Japanese prices slide, Swiss bank UBS seeks cash
TOKYO/ZURICH |
TOKYO/ZURICH (Reuters) - Japanese consumer prices fell at a record pace while Swiss authorities, who also face a threat of deflation, got some possible relief from their other headache when banking giant UBS sought to raise new capital.
In the euro zone, which policymakers insist has no serious risk of deflation, early data suggested that German inflation will hover around zero this month.
Deep in the economic crisis, financial markets are fretting that some governments may eventually reignite inflation with their huge injections of money to revive growth.
Simultaneously others, notably in Japan and Switzerland, are fighting to prevent a downward spiral of prices which would inflict even more economic damage than runaway inflation.
Japan's nationwide core consumer price index fell 1.1 percent in May from a year earlier, the largest fall in records dating back to 1970, data on Friday showed.
The numbers were another sign of weakness in Japan's economy, and may mean the Bank of Japan extends support for the corporate finance market beyond a September expiry date, as well as keeping interest rates at super-low levels.
"Deflation is getting worse and underscores that the BOJ cannot move for a considerable time," said JP Morgan senior economist Masamichi Adachi.
In Switzerland consumer prices fell at the fastest pace in 50 years in May, and the central bank is waging war on deflation with a series of mostly unconfirmed market interventions to stop the Swiss franc rising, most recently on Thursday.
GOOD NEWS FOR SWISS NATIONAL BANK?
But the Swiss National Bank got what might turn out to be some good news from UBS, a global bank with global-sized problems which is the responsibility of authorities in a wealthy but small country.
UBS, one of the hardest-hit major banks in the financial crisis, said late on Thursday it planned to raise 3.8 billion Swiss francs ($3.46 billion) in a share sale to a few big institutional investors.
But in a sign that the world's largest wealth manager faces a long, hard recovery, it forecast a second-quarter loss, sending its stock lower on Friday as analysts said problems remained. UBS shares, which fell 6 percent on Thursday to 13.97 francs, were down 0.7 percent to 13.85 francs at 0912 GMT on Friday.
Kepler Capital Markets analyst Dirk Becker said the capital plan "closes the largest part of the 5 billion franc capital gap that we had identified for them." But he added: "We find it extremely disappointing that the bank suffered another loss, albeit apparently lower than the 2 billion franc loss for Q1."
PROBLEMS REMAIN
In the euro zone Germany's most populous state, North Rhine-Westphalia, reported that consumer prices have risen 0.3 percent month-on-month in June, giving an annual inflation rate of just 0.1 percent. This is an early signal of rates for the entire nation and the wider euro zone, to be published later.
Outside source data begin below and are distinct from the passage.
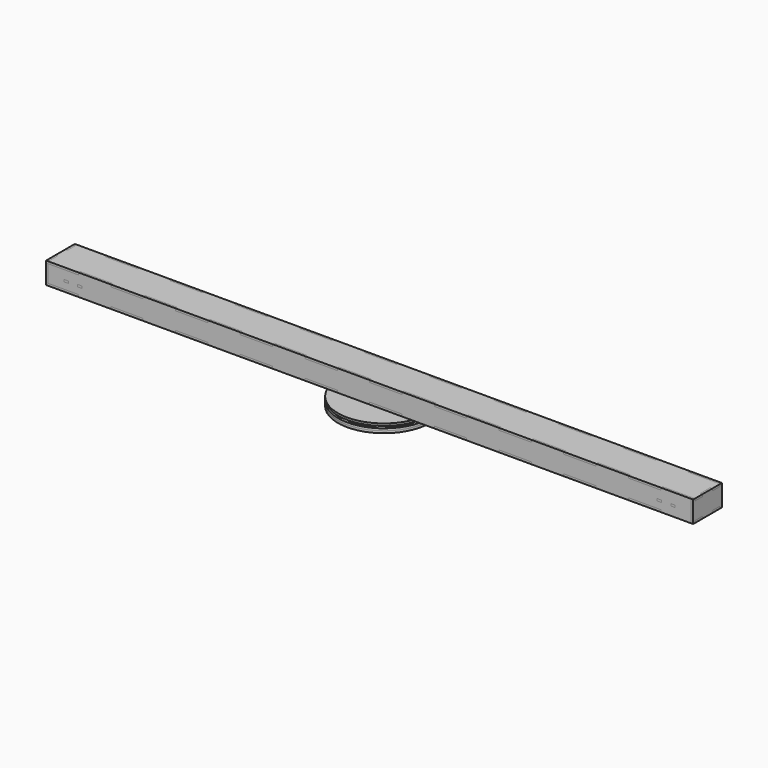
from build123d import *

# Parameters (mm, degrees)
F3_R         = 64
F3_R_2       = 20.5
F3_W         = 6
F3_H         = 6.5
F3_H_2       = 6
F3_R_3       = 1.5
F23_DEPTH    = 3
F5_R         = 20.5
F24_DEPTH    = 3
F6_R         = 1.6
F6_R_2       = 2.5
F6_R_3       = 12.5
F6_W         = 750
F6_H         = 20
F6_W_2       = 3
F6_H_2       = 16.6666666667
F6_W_3       = 45
F6_H_3       = 3
F6_H_4       = 13.6666666667
F25_DEPTH    = 3
F8_W         = 900
F8_H         = 30
F26_DEPTH    = 3
F10_W        = 900
F10_H        = 30
F27_DEPTH    = 3
F12_W        = 50
F12_H        = 30
F28_DEPTH    = 3
F14_W        = 50
F14_H        = 30
F29_DEPTH    = 3
F16_W        = 3
F16_H        = 16.6666666667
F16_W_2      = 45
F16_H_2      = 3
F16_H_3      = 13.6666666667
F30_DEPTH    = 3
F31_DEPTH    = 3
F32_DEPTH    = 3
F33_DEPTH    = 3
F34_DEPTH    = 3
F35_DEPTH    = 3
F18_R        = 1.6
F36_DEPTH    = 3
F37_DEPTH    = 3
F37_FACE_R   = 1.6
F36_FACE_R   = 1.6
F38_DEPTH    = 3
F39_DEPTH    = 3
F21_R        = 64
F40_DEPTH    = 3
F23_FACE_R   = 64
F23_FACE_R_2 = 1.5
F41_DEPTH    = 3
F42_DEPTH    = 3


# Not quite as in the source:
# - a feature names something its author has since deleted; it is built from what else it names


with BuildPart() as f23:
    # F3 (on Top) → F23 (new body)
    with BuildSketch(Plane.XY):
        Circle(F3_R)
        Circle(F3_R_2, mode=Mode.SUBTRACT)
        Circle(F3_R_2)
        with BuildLine():
            ThreePointArc((14.6969384567, 3), (14.9240422951, 1.5076344301), (15, 0))
            ThreePointArc((15, 0), (14.9240422951, -1.5076344301), (14.6969384567, -3))
            ThreePointArc((14.6969384567, -3), (10.6066017178, -10.6066017178), (3, -14.6969384567))
            ThreePointArc((3, -14.6969384567), (0, -15), (-3, -14.6969384567))
            ThreePointArc((-3, -14.6969384567), (-10.6066017178, -10.6066017178), (-14.6969384567, -3))
            ThreePointArc((-14.6969384567, -3), (-15, 0), (-14.6969384567, 3))
            ThreePointArc((-14.6969384567, 3), (-10.6066017178, 10.6066017178), (-3, 14.6969384567))
            ThreePointArc((-3, 14.6969384567), (0, 15), (3, 14.6969384567))
            ThreePointArc((3, 14.6969384567), (10.6066017178, 10.6066017178), (14.6969384567, 3))
        make_face(mode=Mode.SUBTRACT)
        with Locations((0, -6.25)):
            Rectangle(F3_W, F3_H)
        with BuildLine():
            ThreePointArc((-3, -14.6969384567), (0, -15), (3, -14.6969384567))
            Line((3, -14.6969384567), (3, -9.5))
            Line((3, -9.5), (-3, -9.5))
            Line((-3, -9.5), (-3, -14.6969384567))
        make_face()
        with Locations((0, 6.25)):
            Rectangle(F3_W, F3_H)
        with BuildLine():
            Line((3, 9.5), (3, 14.6969384567))
            ThreePointArc((3, 14.6969384567), (0, 15), (-3, 14.6969384567))
            Line((-3, 14.6969384567), (-3, 9.5))
            Line((-3, 9.5), (3, 9.5))
        make_face()
        Rectangle(F3_W, F3_H_2)
        Circle(F3_R_3, mode=Mode.SUBTRACT)
    extrude(amount=-F23_DEPTH)


with BuildPart() as f24:
    # F5 (on offset) → F24 (new body)
    with BuildSketch(Plane.XY.offset(3)):
        Circle(F5_R)
        with BuildLine():
            ThreePointArc((14.6969384567, 3), (14.9240422951, 1.5076344301), (15, 0))
            ThreePointArc((15, 0), (14.9240422951, -1.5076344301), (14.6969384567, -3))
            ThreePointArc((14.6969384567, -3), (10.6066017178, -10.6066017178), (3, -14.6969384567))
            ThreePointArc((3, -14.6969384567), (0, -15), (-3, -14.6969384567))
            ThreePointArc((-3, -14.6969384567), (-10.6066017178, -10.6066017178), (-14.6969384567, -3))
            ThreePointArc((-14.6969384567, -3), (-15, 0), (-14.6969384567, 3))
            ThreePointArc((-14.6969384567, 3), (-10.6066017178, 10.6066017178), (-3, 14.6969384567))
            ThreePointArc((-3, 14.6969384567), (0, 15), (3, 14.6969384567))
            ThreePointArc((3, 14.6969384567), (10.6066017178, 10.6066017178), (14.6969384567, 3))
        make_face(mode=Mode.SUBTRACT)
        with BuildLine():
            ThreePointArc((-3, -14.6969384567), (0, -15), (3, -14.6969384567))
            Line((3, -14.6969384567), (3, -3))
            Line((3, -3), (-3, -3))
            Line((-3, -3), (-3, -14.6969384567))
        make_face()
        with BuildLine():
            ThreePointArc((14.6969384567, -3), (14.9240422951, -1.5076344301), (15, 0))
            ThreePointArc((15, 0), (14.9240422951, 1.5076344301), (14.6969384567, 3))
            Line((14.6969384567, 3), (3, 3))
            Line((3, 3), (-3, 3))
            Line((-3, 3), (-14.6969384567, 3))
            ThreePointArc((-14.6969384567, 3), (-15, 0), (-14.6969384567, -3))
            Line((-14.6969384567, -3), (-3, -3))
            Line((-3, -3), (3, -3))
            Line((3, -3), (14.6969384567, -3))
        make_face()
        with BuildLine():
            Line((3, 3), (3, 14.6969384567))
            ThreePointArc((3, 14.6969384567), (0, 15), (-3, 14.6969384567))
            Line((-3, 14.6969384567), (-3, 3))
            Line((-3, 3), (3, 3))
        make_face()
    extrude(amount=F24_DEPTH)


with BuildPart() as f25:
    # F6 (on offset) → F25 (new body)
    with BuildSketch(Plane.XY.offset(3)):
        Polygon((-360, 22), (-405, 22), (-447, 22), (-447, 8.3333333333), (-447, -8.3333333333), (-447, -22), (-405, -22), (-360, -22), (-315, -22), (-270, -22), (-225, -22), (-180, -22), (-135, -22), (-90, -22), (-45, -22), (0, -22), (45, -22), (90, -22), (135, -22), (180, -22), (225, -22), (270, -22), (315, -22), (360, -22), (405, -22), (447, -22), (447, -8.3333333333), (447, 8.3333333333), (447, 22), (405, 22), (360, 22), (315, 22), (270, 22), (225, 22), (180, 22), (135, 22), (90, 22), (45, 22), (0, 22), (-45, 22), (-90, 22), (-135, 22), (-180, 22), (-225, 22), (-270, 22), (-315, 22), align=None)
        with Locations((-386.593101397, -10.4)):
            Circle(F6_R, mode=Mode.SUBTRACT)
        with Locations((386.593101397, -10.4)):
            Circle(F6_R, mode=Mode.SUBTRACT)
        with Locations((-435.5, 0)):
            Circle(F6_R_2, mode=Mode.SUBTRACT)
        with Locations((-412.5, 0)):
            Circle(F6_R_3, mode=Mode.SUBTRACT)
        with Locations((-386.593101397, 10.4)):
            Circle(F6_R, mode=Mode.SUBTRACT)
        Rectangle(F6_W, F6_H, mode=Mode.SUBTRACT)
        with Locations((412.5, 0)):
            Circle(F6_R_3, mode=Mode.SUBTRACT)
        with Locations((435.5, 0)):
            Circle(F6_R_2, mode=Mode.SUBTRACT)
        with Locations((386.593101397, 10.4)):
            Circle(F6_R, mode=Mode.SUBTRACT)
        with Locations((-448.5, 0)):
            Rectangle(F6_W_2, F6_H_2)
        Polygon((-405, 25), (-450, 25), (-450, 22), (-447, 22), (-405, 22), align=None)
        Polygon((-447, -22), (-450, -22), (-450, -25), (-405, -25), (-405, -22), align=None)
        with Locations((-337.5, -23.5)):
            Rectangle(F6_W_3, F6_H_3)
        with Locations((-337.5, 23.5)):
            Rectangle(F6_W_3, F6_H_3)
        with Locations((-247.5, 23.5)):
            Rectangle(F6_W_3, F6_H_3)
        with Locations((-247.5, -23.5)):
            Rectangle(F6_W_3, F6_H_3)
        with Locations((-157.5, 23.5)):
            Rectangle(F6_W_3, F6_H_3)
        with Locations((-67.5, 23.5)):
            Rectangle(F6_W_3, F6_H_3)
        with Locations((-67.5, -23.5)):
            Rectangle(F6_W_3, F6_H_3)
        with Locations((-157.5, -23.5)):
            Rectangle(F6_W_3, F6_H_3)
        with Locations((22.5, 23.5)):
            Rectangle(F6_W_3, F6_H_3)
        with Locations((22.5, -23.5)):
            Rectangle(F6_W_3, F6_H_3)
        with Locations((112.5, -23.5)):
            Rectangle(F6_W_3, F6_H_3)
        with Locations((112.5, 23.5)):
            Rectangle(F6_W_3, F6_H_3)
        with Locations((202.5, 23.5)):
            Rectangle(F6_W_3, F6_H_3)
        with Locations((202.5, -23.5)):
            Rectangle(F6_W_3, F6_H_3)
        with Locations((292.5, -23.5)):
            Rectangle(F6_W_3, F6_H_3)
        with Locations((292.5, 23.5)):
            Rectangle(F6_W_3, F6_H_3)
        with Locations((382.5, 23.5)):
            Rectangle(F6_W_3, F6_H_3)
        with Locations((382.5, -23.5)):
            Rectangle(F6_W_3, F6_H_3)
        with Locations((448.5, -15.1666666667)):
            Rectangle(F6_W_2, F6_H_4)
        with Locations((448.5, 15.1666666667)):
            Rectangle(F6_W_2, F6_H_4)
        with Locations((412.5, 0)):
            Circle(F6_R_3)
        with Locations((412.5, 0)):
            Circle(F6_R, mode=Mode.SUBTRACT)
        with Locations((-412.5, 0)):
            Circle(F6_R_3)
        with Locations((-412.5, 0)):
            Circle(F6_R, mode=Mode.SUBTRACT)
    extrude(amount=-F25_DEPTH)


with BuildPart() as f26:
    # F8 (on line) → F26 (new body)
    with BuildSketch(Plane(origin=(0, -25, 0), x_dir=(-1, 0, 0), z_dir=(0, 1, 0))):
        with Locations((0, 15)):
            Rectangle(F8_W, F8_H)
    extrude(amount=F26_DEPTH)


with BuildPart() as f27:
    # F10 (on line) → F27 (new body)
    with BuildSketch(Plane(origin=(0, 25, 0), x_dir=(-1, 0, 0), z_dir=(0, 1, 0))):
        with Locations((0, 15)):
            Rectangle(F10_W, F10_H)
    extrude(amount=-F27_DEPTH)


with BuildPart() as f28:
    # F12 (on line) → F28 (new body)
    with BuildSketch(Plane.YZ.offset(450)):
        with Locations((0, 15)):
            Rectangle(F12_W, F12_H)
    extrude(amount=-F28_DEPTH)


with BuildPart() as f29:
    # F14 (on line) → F29 (new body)
    with BuildSketch(Plane.YZ.offset(-450)):
        with Locations((0, 15)):
            Rectangle(F14_W, F14_H)
    extrude(amount=F29_DEPTH)


with BuildPart() as f30:
    # F16 (on line) → F30 (new body)
    with BuildSketch(Plane.XY.offset(30)):
        with Locations((-448.5, 0)):
            Rectangle(F16_W, F16_H)
        Polygon((-405, 25), (-450, 25), (-450, 22), (-447, 22), (-405, 22), align=None)
        Polygon((-447, -22), (-450, -22), (-450, -25), (-405, -25), (-405, -22), align=None)
        with Locations((-337.5, 23.5)):
            Rectangle(F16_W_2, F16_H_2)
        with Locations((-337.5, -23.5)):
            Rectangle(F16_W_2, F16_H_2)
        with Locations((-247.5, 23.5)):
            Rectangle(F16_W_2, F16_H_2)
        with Locations((-247.5, -23.5)):
            Rectangle(F16_W_2, F16_H_2)
        with Locations((-157.5, 23.5)):
            Rectangle(F16_W_2, F16_H_2)
        with Locations((-157.5, -23.5)):
            Rectangle(F16_W_2, F16_H_2)
        with Locations((-67.5, 23.5)):
            Rectangle(F16_W_2, F16_H_2)
        with Locations((-67.5, -23.5)):
            Rectangle(F16_W_2, F16_H_2)
        with Locations((22.5, 23.5)):
            Rectangle(F16_W_2, F16_H_2)
        with Locations((22.5, -23.5)):
            Rectangle(F16_W_2, F16_H_2)
        with Locations((112.5, 23.5)):
            Rectangle(F16_W_2, F16_H_2)
        with Locations((112.5, -23.5)):
            Rectangle(F16_W_2, F16_H_2)
        with Locations((202.5, -23.5)):
            Rectangle(F16_W_2, F16_H_2)
        with Locations((202.5, 23.5)):
            Rectangle(F16_W_2, F16_H_2)
        with Locations((292.5, 23.5)):
            Rectangle(F16_W_2, F16_H_2)
        with Locations((292.5, -23.5)):
            Rectangle(F16_W_2, F16_H_2)
        with Locations((382.5, -23.5)):
            Rectangle(F16_W_2, F16_H_2)
        with Locations((382.5, 23.5)):
            Rectangle(F16_W_2, F16_H_2)
        with Locations((448.5, 15.1666666667)):
            Rectangle(F16_W, F16_H_3)
        with Locations((448.5, -15.1666666667)):
            Rectangle(F16_W, F16_H_3)
        Polygon((-360, 22), (-405, 22), (-447, 22), (-447, 8.3333333333), (-447, -8.3333333333), (-447, -22), (-405, -22), (-360, -22), (-315, -22), (-270, -22), (-225, -22), (-180, -22), (-135, -22), (-90, -22), (-45, -22), (0, -22), (45, -22), (90, -22), (135, -22), (180, -22), (225, -22), (270, -22), (315, -22), (360, -22), (405, -22), (447, -22), (447, -8.3333333333), (447, 8.3333333333), (447, 22), (405, 22), (360, 22), (315, 22), (270, 22), (225, 22), (180, 22), (135, 22), (90, 22), (45, 22), (0, 22), (-45, 22), (-90, 22), (-135, 22), (-180, 22), (-225, 22), (-270, 22), (-315, 22), align=None)
    extrude(amount=-F30_DEPTH)


with BuildPart() as f31_tool:
    # F31 (cut): a face of the model
    f31_faces = [f30.part.faces().sort_by_distance(p)[0] for p in [
        (-1.1003130336, 0, 30),
    ]]
    extrude(f31_faces, amount=-F31_DEPTH)


with BuildPart() as f26_1:
    add(f26.part)

    # F31: cut by f31_tool
    add(f31_tool.part, mode=Mode.SUBTRACT)


with BuildPart() as f27_1:
    add(f27.part)

    # F31: cut by f31_tool
    add(f31_tool.part, mode=Mode.SUBTRACT)


with BuildPart() as f28_1:
    add(f28.part)

    # F31: cut by f31_tool
    add(f31_tool.part, mode=Mode.SUBTRACT)


with BuildPart() as f29_1:
    add(f29.part)

    # F31: cut by f31_tool
    add(f31_tool.part, mode=Mode.SUBTRACT)


with BuildPart() as f32_tool:
    # F32 (cut): a face of the model
    f32_faces = [f25.part.faces().sort_by_distance(p)[0] for p in [
        (446.0986121811, 0, 0),
    ]]
    extrude(f32_faces, amount=-F32_DEPTH)


with BuildPart() as f26_2:
    add(f26_1.part)

    # F32: cut by f32_tool
    add(f32_tool.part, mode=Mode.SUBTRACT)


with BuildPart() as f27_2:
    add(f27_1.part)

    # F32: cut by f32_tool
    add(f32_tool.part, mode=Mode.SUBTRACT)


with BuildPart() as f28_2:
    add(f28_1.part)

    # F32: cut by f32_tool
    add(f32_tool.part, mode=Mode.SUBTRACT)


with BuildPart() as f29_2:
    add(f29_1.part)

    # F32: cut by f32_tool
    add(f32_tool.part, mode=Mode.SUBTRACT)


with BuildPart() as f33_tool:
    # F33 (cut): a face of the model
    f33_faces = [f29_2.part.faces().sort_by_distance(p)[0] for p in [
        (-450, 0, 15),
    ]]
    extrude(f33_faces, amount=-F33_DEPTH)


with BuildPart() as f26_3:
    add(f26_2.part)

    # F33: cut by f33_tool
    add(f33_tool.part, mode=Mode.SUBTRACT)


with BuildPart() as f27_3:
    add(f27_2.part)

    # F33: cut by f33_tool
    add(f33_tool.part, mode=Mode.SUBTRACT)


with BuildPart() as f34_tool:
    # F34 (cut): a face of the model
    f34_faces = [f28_2.part.faces().sort_by_distance(p)[0] for p in [
        (450, 0, 15),
    ]]
    extrude(f34_faces, amount=-F34_DEPTH)


with BuildPart() as f26_4:
    add(f26_3.part)

    # F34: cut by f34_tool
    add(f34_tool.part, mode=Mode.SUBTRACT)


with BuildPart() as f27_4:
    add(f27_3.part)

    # F34: cut by f34_tool
    add(f34_tool.part, mode=Mode.SUBTRACT)


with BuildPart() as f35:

Hopes for an eventual economic recovery supported stock markets on Friday, with metal and oil prices also rising. The U.S. dollar and government bond prices slipped as investors gingerly put funds back into riskier assets.
Tokyo's Nikkei average added 0.8 percent on Friday despite the consumer prices data. "Most people will agree now that we won't revisit the low point that we have seen this year again any time soon," said Luc Van Hecka, chief economist at KBC Securities.
"But there are still some problems to be resolved in the financial sector and as long as that is not out of the way in a convincing manner, we could still have intermediate corrections."